Information given Block Start
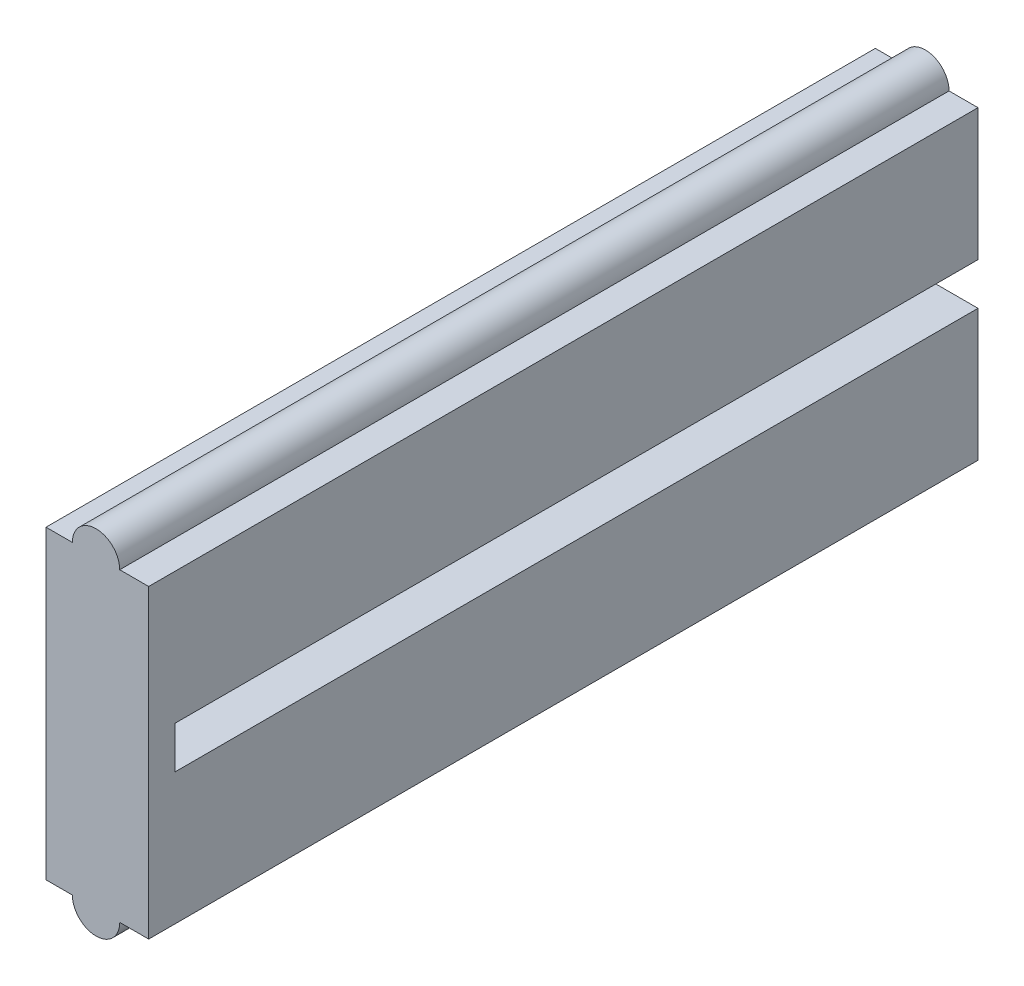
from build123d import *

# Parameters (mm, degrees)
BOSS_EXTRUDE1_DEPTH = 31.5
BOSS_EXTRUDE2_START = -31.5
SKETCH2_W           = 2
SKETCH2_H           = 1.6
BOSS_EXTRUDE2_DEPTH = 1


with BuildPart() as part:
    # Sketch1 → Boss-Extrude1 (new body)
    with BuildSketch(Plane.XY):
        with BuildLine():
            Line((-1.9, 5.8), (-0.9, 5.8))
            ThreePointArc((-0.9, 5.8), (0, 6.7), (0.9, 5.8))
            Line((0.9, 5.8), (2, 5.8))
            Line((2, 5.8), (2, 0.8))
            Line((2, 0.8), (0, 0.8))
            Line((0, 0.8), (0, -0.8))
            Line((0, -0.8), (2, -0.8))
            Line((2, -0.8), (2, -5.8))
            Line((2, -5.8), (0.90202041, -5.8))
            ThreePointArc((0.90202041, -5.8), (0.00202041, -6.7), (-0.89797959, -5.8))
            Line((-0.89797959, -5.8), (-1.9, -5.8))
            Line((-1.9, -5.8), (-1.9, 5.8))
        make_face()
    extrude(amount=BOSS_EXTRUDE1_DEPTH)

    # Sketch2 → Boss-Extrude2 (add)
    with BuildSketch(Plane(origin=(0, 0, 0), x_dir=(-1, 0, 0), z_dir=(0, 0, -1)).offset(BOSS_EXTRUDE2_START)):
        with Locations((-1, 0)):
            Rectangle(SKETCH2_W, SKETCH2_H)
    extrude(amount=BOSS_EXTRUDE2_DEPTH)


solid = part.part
Information given Block End
Your answer should consist only of the lines above between the line holding "Line((-0.89797959, -5.8), (-1.9, -5.8))" and the line holding "# Sketch2 → Boss-Extrude2 (add)", inclusive, each transcribed exactly.

→ **Task result**
            Line((-0.89797959, -5.8), (-1.9, -5.8))
            Line((-1.9, -5.8), (-1.9, 5.8))
        make_face()
    extrude(amount=BOSS_EXTRUDE1_DEPTH)

    # Sketch2 → Boss-Extrude2 (add)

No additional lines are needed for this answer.